You're a Big Boy Now
- First edition (UK)
- Author: David Benedictus
- Language: English
- Published: Dutton, 1964 Anthony Blond, 1963
- Pages: 187
- OCLC: 1632483

= You're a Big Boy Now (novel) =

Novel by David Benedictus

You're a Big Boy Now is a 1963 satirical novel by the British author David Benedictus. It was adapted into a 1966 film directed by Francis Ford Coppola, with the setting changed from London to New York City.

==Dedication==
Benedictus dedicated the book to "the only girl I've ever loved—wherever they may be"; in a preface, the author describes the novel as an examination of "the deadliest form of self-destruction, which is love".

==Plot==
The central character of the novel is Bernard Chanticleer, a shoe salesman at a London department store at which his father is a manager. The Chanticleers live in a suburb, and "are type-cast as ridiculous bourgeois". At the store he meets a girl, Amy, who is rejected by his mother as "that terrible blatant girl with such common legs too".

Bernard, described by one reviewer as "comically neurotic", then becomes infatuated with a stage actress, Barbara Darling. He sends her an impassioned note and they agree to meet. Barbara wants to victimize Bernard in revenge for her being ill-treated by men in the past. Eventually Barbara tires of Bernard and marries a window dresser. They have a child who bears a suspicious resemblance to one of Barbara's former lovers.

==Critical reception==
Robert Donald Spector of the San Francisco Examiner praised the book as "an outrageously funny satire that launches an all-out nuclear attack on every last inch of British life", with the targets including the "Welfare State" and "upper-middle-class snobbishness", with the "blast area" consisting of sex. The hero, Bernard, was compared by Spector to Holden Caulfield, of J. D. Salinger's 1951 novel The Catcher in the Rye.
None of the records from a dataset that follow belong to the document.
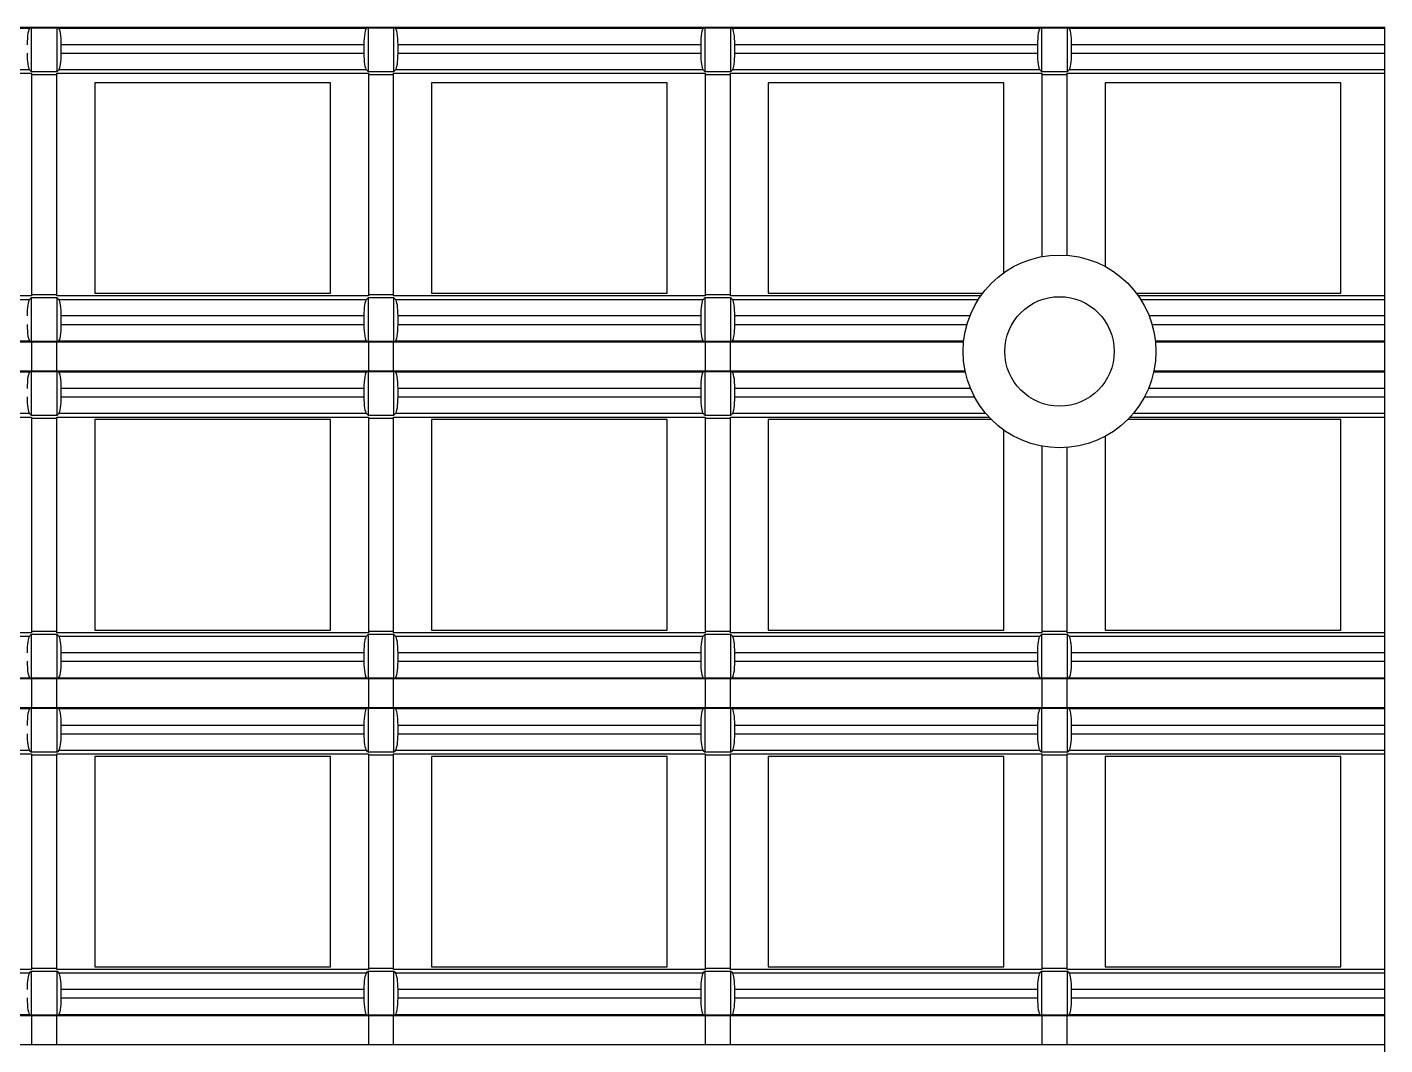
# Model space of a CAD drawing. Header units: inches. Extents: x 0 to 653, y 0 to 346.
# Drawn here: x 111.72 to 127.84, y 307.2 to 319.29 of the extents above; entities that cross this region are included whole.
import ezdxf

# ---------------------------------------------------------------- set-up
doc = ezdxf.new("R2010")
doc.units = ezdxf.units.IN
doc.header["$LTSCALE"] = 35.925693
doc.header["$MEASUREMENT"] = 0
doc.layers.get('0').update_dxf_attribs({"linetype": 'CONTINUOUS'})
doc.layers.add('2', color=7, linetype='CONTINUOUS')
doc.layers.add('71', color=7, linetype='CONTINUOUS')

msp = doc.modelspace()

# ---------------------------------------------------------------- linework, layer by layer
at = {"color": 3, "linetype": 'Continuous'}
msp.add_circle((123.981, 315.44), 0.65, dxfattribs=at)
at = {"layer": '2', "color": 132, "linetype": 'Continuous', "true_color": 0x00cccc}
for p, q in [((0, 319.291), (127.845, 319.291)), ((127.845, 319.287), (0, 319.287)), ((127.845, 191.471), (127.845, 319.291)), ((108.09, 319.28), (111.753, 319.28)), ((111.772, 319.284), (111.753, 319.28)), ((111.772, 318.76), (111.772, 319.284)), ((111.772, 319.284), (112.072, 319.284)), ((112.072, 319.284), (112.072, 318.76)), ((112.09, 319.28), (112.072, 319.284)), ((112.09, 319.28), (115.753, 319.28)), ((115.772, 319.284), (115.753, 319.28)), ((115.772, 318.76), (115.772, 319.284)), ((115.772, 319.284), (116.072, 319.284)), ((116.072, 319.284), (116.072, 318.76)), ((116.09, 319.28), (116.072, 319.284)), ((116.09, 319.28), (119.753, 319.28)), ((119.771, 319.284), (119.753, 319.28)), ((119.771, 318.76), (119.771, 319.284)), ((119.771, 319.284), (120.071, 319.284)), ((120.071, 319.284), (120.071, 318.76)), ((120.09, 319.28), (120.071, 319.284)), ((120.09, 319.28), (123.753, 319.28)), ((123.771, 319.284), (123.753, 319.28)), ((123.771, 318.76), (123.771, 319.284)), ((123.771, 319.284), (124.071, 319.284)), ((124.071, 319.284), (124.071, 318.76)), ((124.09, 319.28), (124.071, 319.284)), ((124.09, 319.28), (127.845, 319.28)), ((112.124, 318.981), (112.124, 319.08)), ((115.719, 319.08), (112.124, 319.08)), ((112.124, 318.981), (115.719, 318.981)), ((115.719, 319.08), (115.719, 318.981)), ((116.124, 318.981), (116.124, 319.08)), ((119.719, 319.08), (116.124, 319.08)), ((116.124, 318.981), (119.719, 318.981)), ((119.719, 319.08), (119.719, 318.981)), ((120.124, 318.981), (120.124, 319.08)), ((123.719, 319.08), (120.124, 319.08)), ((120.124, 318.981), (123.719, 318.981)), ((123.719, 319.08), (123.719, 318.981)), ((124.124, 318.981), (124.124, 319.08)), ((127.845, 319.08), (124.124, 319.08)), ((124.124, 318.981), (127.845, 318.981)), ((108.072, 318.743), (111.772, 318.743)), ((111.748, 318.784), (108.095, 318.784)), ((111.748, 318.784), (111.772, 318.76)), ((112.072, 318.76), (111.772, 318.76)), ((111.772, 318.743), (111.772, 316.099)), ((112.072, 318.725), (111.772, 318.725)), ((112.072, 318.76), (112.095, 318.784)), ((112.072, 316.099), (112.072, 318.743)), ((112.072, 318.743), (115.772, 318.743)), ((115.748, 318.784), (112.095, 318.784)), ((115.748, 318.784), (115.772, 318.76)), ((116.072, 318.76), (115.772, 318.76)), ((115.772, 318.743), (115.772, 316.099)), ((116.072, 318.725), (115.772, 318.725)), ((116.072, 318.76), (116.095, 318.784)), ((116.072, 316.099), (116.072, 318.743)), ((116.072, 318.743), (119.771, 318.743)), ((119.748, 318.784), (116.095, 318.784)), ((119.748, 318.784), (119.771, 318.76)), ((120.071, 318.76), (119.771, 318.76)), ((119.771, 318.743), (119.771, 316.099)), ((120.071, 318.725), (119.771, 318.725)), ((120.071, 318.76), (120.095, 318.784)), ((120.071, 316.099), (120.071, 318.743)), ((120.071, 318.743), (123.771, 318.743)), ((123.748, 318.784), (120.095, 318.784)), ((123.748, 318.784), (123.771, 318.76)), ((124.071, 318.76), (123.771, 318.76)), ((123.771, 318.743), (123.771, 316.566)), ((124.071, 318.725), (123.771, 318.725)), ((124.071, 318.76), (124.095, 318.784)), ((124.071, 316.582), (124.071, 318.743)), ((124.071, 318.743), (127.845, 318.743)), ((127.845, 318.784), (124.095, 318.784)), ((112.522, 318.63), (112.522, 316.13)), ((115.322, 318.63), (112.522, 318.63)), ((115.322, 316.13), (115.322, 318.63)), ((116.522, 318.63), (116.522, 316.13)), ((119.321, 318.63), (116.522, 318.63)), ((119.321, 316.13), (119.321, 318.63)), ((120.521, 318.63), (120.521, 316.13)), ((123.321, 318.63), (120.521, 318.63)), ((123.321, 316.376), (123.321, 318.63)), ((124.521, 318.63), (124.521, 316.45)), ((127.321, 318.63), (124.521, 318.63)), ((127.321, 316.13), (127.321, 318.63)), ((111.772, 316.099), (108.072, 316.099)), ((111.772, 316.081), (111.748, 316.058)), ((111.772, 316.116), (112.072, 316.116)), ((111.772, 315.558), (111.772, 316.081)), ((111.772, 316.081), (112.072, 316.081)), ((115.772, 316.099), (112.072, 316.099)), ((112.072, 316.081), (112.072, 315.558)), ((112.095, 316.058), (112.072, 316.081)), ((112.522, 316.13), (115.322, 316.13)), ((115.772, 316.081), (115.748, 316.058)), ((115.772, 316.116), (116.072, 316.116)), ((115.772, 315.558), (115.772, 316.081)), ((115.772, 316.081), (116.072, 316.081)), ((119.771, 316.099), (116.072, 316.099)), ((116.072, 316.081), (116.072, 315.558)), ((116.095, 316.058), (116.072, 316.081)), ((116.522, 316.13), (119.321, 316.13)), ((119.771, 316.081), (119.748, 316.058)), ((119.771, 316.116), (120.071, 316.116)), ((119.771, 315.558), (119.771, 316.081)), ((119.771, 316.081), (120.071, 316.081)), ((123.044, 316.099), (120.071, 316.099)), ((120.071, 316.081), (120.071, 315.558)), ((120.095, 316.058), (120.071, 316.081)), ((120.521, 316.13), (123.067, 316.13)), ((124.895, 316.13), (127.321, 316.13)), ((127.845, 316.099), (124.918, 316.099)), ((108.095, 316.058), (111.748, 316.058)), ((112.095, 316.058), (115.748, 316.058)), ((116.095, 316.058), (119.748, 316.058)), ((120.095, 316.058), (123.017, 316.058)), ((124.946, 316.058), (127.845, 316.058)), ((112.124, 315.761), (112.124, 315.861)), ((115.719, 315.861), (112.124, 315.861)), ((112.124, 315.761), (115.719, 315.761)), ((115.719, 315.861), (115.719, 315.761)), ((116.124, 315.761), (116.124, 315.861)), ((119.719, 315.861), (116.124, 315.861)), ((116.124, 315.761), (119.719, 315.761)), ((119.719, 315.861), (119.719, 315.761)), ((120.124, 315.761), (120.124, 315.861)), ((122.916, 315.861), (120.124, 315.861)), ((120.124, 315.761), (122.882, 315.761)), ((127.845, 315.861), (125.046, 315.861)), ((125.081, 315.761), (127.845, 315.761)), ((108.072, 315.554), (111.772, 315.554)), ((111.753, 315.561), (108.09, 315.561)), ((111.753, 315.561), (111.772, 315.558)), ((112.072, 315.558), (111.772, 315.558)), ((111.772, 315.554), (111.772, 315.206)), ((112.072, 315.551), (111.772, 315.551)), ((112.072, 315.558), (112.09, 315.561)), ((112.072, 315.206), (112.072, 315.554)), ((112.072, 315.554), (115.772, 315.554)), ((115.753, 315.561), (112.09, 315.561)), ((115.753, 315.561), (115.772, 315.558)), ((116.072, 315.558), (115.772, 315.558)), ((115.772, 315.554), (115.772, 315.206)), ((116.072, 315.551), (115.772, 315.551)), ((116.072, 315.558), (116.09, 315.561)), ((116.072, 315.206), (116.072, 315.554)), ((116.072, 315.554), (119.771, 315.554)), ((119.753, 315.561), (116.09, 315.561)), ((119.753, 315.561), (119.771, 315.558)), ((120.071, 315.558), (119.771, 315.558)), ((119.771, 315.554), (119.771, 315.206)), ((120.071, 315.551), (119.771, 315.551)), ((120.071, 315.558), (120.09, 315.561)), ((120.071, 315.206), (120.071, 315.554)), ((120.071, 315.554), (122.841, 315.554)), ((122.842, 315.561), (120.09, 315.561)), ((127.845, 315.561), (125.12, 315.561)), ((125.121, 315.554), (127.845, 315.554)), ((111.772, 315.206), (108.072, 315.206)), ((108.09, 315.199), (111.753, 315.199)), ((111.772, 315.203), (111.753, 315.199)), ((111.772, 315.21), (112.072, 315.21)), ((111.772, 314.679), (111.772, 315.203)), ((111.772, 315.203), (112.072, 315.203)), ((115.772, 315.206), (112.072, 315.206)), ((112.072, 315.203), (112.072, 314.679)), ((112.09, 315.199), (112.072, 315.203)), ((112.09, 315.199), (115.753, 315.199)), ((115.772, 315.203), (115.753, 315.199)), ((115.772, 315.21), (116.072, 315.21)), ((115.772, 314.679), (115.772, 315.203)), ((115.772, 315.203), (116.072, 315.203)), ((119.771, 315.206), (116.072, 315.206)), ((116.072, 315.203), (116.072, 314.679)), ((116.09, 315.199), (116.072, 315.203)), ((116.09, 315.199), (119.753, 315.199)), ((119.771, 315.203), (119.753, 315.199)), ((119.771, 315.21), (120.071, 315.21)), ((119.771, 314.679), (119.771, 315.203)), ((119.771, 315.203), (120.071, 315.203)), ((122.86, 315.206), (120.071, 315.206)), ((120.071, 315.203), (120.071, 314.679)), ((120.09, 315.199), (120.071, 315.203)), ((120.09, 315.199), (122.861, 315.199)), ((125.101, 315.199), (127.845, 315.199)), ((127.845, 315.206), (125.102, 315.206)), ((112.124, 314.899), (112.124, 314.999)), ((115.719, 314.999), (112.124, 314.999)), ((115.719, 314.999), (115.719, 314.899)), ((116.124, 314.899), (116.124, 314.999)), ((119.719, 314.999), (116.124, 314.999)), ((119.719, 314.999), (119.719, 314.899)), ((120.124, 314.899), (120.124, 314.999)), ((122.924, 314.999), (120.124, 314.999)), ((127.845, 314.999), (125.038, 314.999)), ((112.124, 314.899), (115.719, 314.899)), ((116.124, 314.899), (119.719, 314.899)), ((120.124, 314.899), (122.971, 314.899)), ((124.991, 314.899), (127.845, 314.899)), ((108.072, 314.661), (111.772, 314.661)), ((111.748, 314.702), (108.095, 314.702)), ((111.748, 314.702), (111.772, 314.679)), ((112.072, 314.679), (111.772, 314.679)), ((111.772, 314.661), (111.772, 312.099)), ((112.072, 314.644), (111.772, 314.644)), ((112.072, 314.679), (112.095, 314.702)), ((112.072, 312.099), (112.072, 314.661)), ((112.072, 314.661), (115.772, 314.661)), ((115.748, 314.702), (112.095, 314.702)), ((112.522, 314.63), (112.522, 312.13)), ((115.322, 314.63), (112.522, 314.63)), ((115.322, 312.13), (115.322, 314.63)), ((115.748, 314.702), (115.772, 314.679)), ((116.072, 314.679), (115.772, 314.679)), ((115.772, 314.661), (115.772, 312.099)), ((116.072, 314.644), (115.772, 314.644)), ((116.072, 314.679), (116.095, 314.702)), ((116.072, 312.099), (116.072, 314.661)), ((116.072, 314.661), (119.771, 314.661)), ((119.748, 314.702), (116.095, 314.702)), ((116.522, 314.63), (116.522, 312.13)), ((119.321, 314.63), (116.522, 314.63)), ((119.321, 312.13), (119.321, 314.63)), ((119.748, 314.702), (119.771, 314.679)), ((120.071, 314.679), (119.771, 314.679)), ((119.771, 314.661), (119.771, 312.099)), ((120.071, 314.644), (119.771, 314.644)), ((120.071, 314.679), (120.095, 314.702)), ((120.071, 312.099), (120.071, 314.661)), ((120.071, 314.661), (123.141, 314.661)), ((123.105, 314.702), (120.095, 314.702)), ((120.521, 314.63), (120.521, 312.13)), ((123.171, 314.63), (120.521, 314.63)), ((127.321, 314.63), (124.791, 314.63)), ((124.821, 314.661), (127.845, 314.661)), ((127.845, 314.702), (124.858, 314.702)), ((127.321, 312.13), (127.321, 314.63)), ((123.321, 312.13), (123.321, 314.504)), ((123.771, 314.314), (123.771, 312.099)), ((124.071, 312.099), (124.071, 314.298)), ((124.521, 314.43), (124.521, 312.13)), ((111.772, 312.099), (108.072, 312.099)), ((108.095, 312.058), (111.748, 312.058)), ((111.772, 312.081), (111.748, 312.058)), ((111.772, 312.117), (112.072, 312.117)), ((111.772, 311.558), (111.772, 312.081)), ((111.772, 312.081), (112.072, 312.081)), ((115.772, 312.099), (112.072, 312.099)), ((112.072, 312.081), (112.072, 311.558)), ((112.095, 312.058), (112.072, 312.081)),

Oakland Tribune reviewer Dennis Powers wrote that thanks to the author's "malice and winning way with words", the book is "good fun in spite of its flaws", which he said included its cruel comedy and heavy-handed irony. According to Powers, one ought to "read it as a burlesque of An American Tragedy,' as a spoof of Angry British fiction, as a frightening condemnation of love. There is no end to the possibilities."

==Film adaptation==

The novel was brought to the attention of Francis Ford Coppola by actor Tony Bill, who wanted to play Bernard in any movie adaptation. But Coppola cast instead Peter Kastner, a young Canadian actor. Coppola optioned the film for $1,000, and drafted a script in his spare time while working on the film Is Paris Burning?. Coppola moved the story to New York City, and changed the shoe store to the 42nd Street main branch of the New York Public Library. Elizabeth Hartman was cast as Barbara, Karen Black as Amy, and Rip Torn and Geraldine Page played the parents. The film ended on a more upbeat note than the novel. In the film, Bernard is reunited with Amy, whereas in the novel he winds up alone.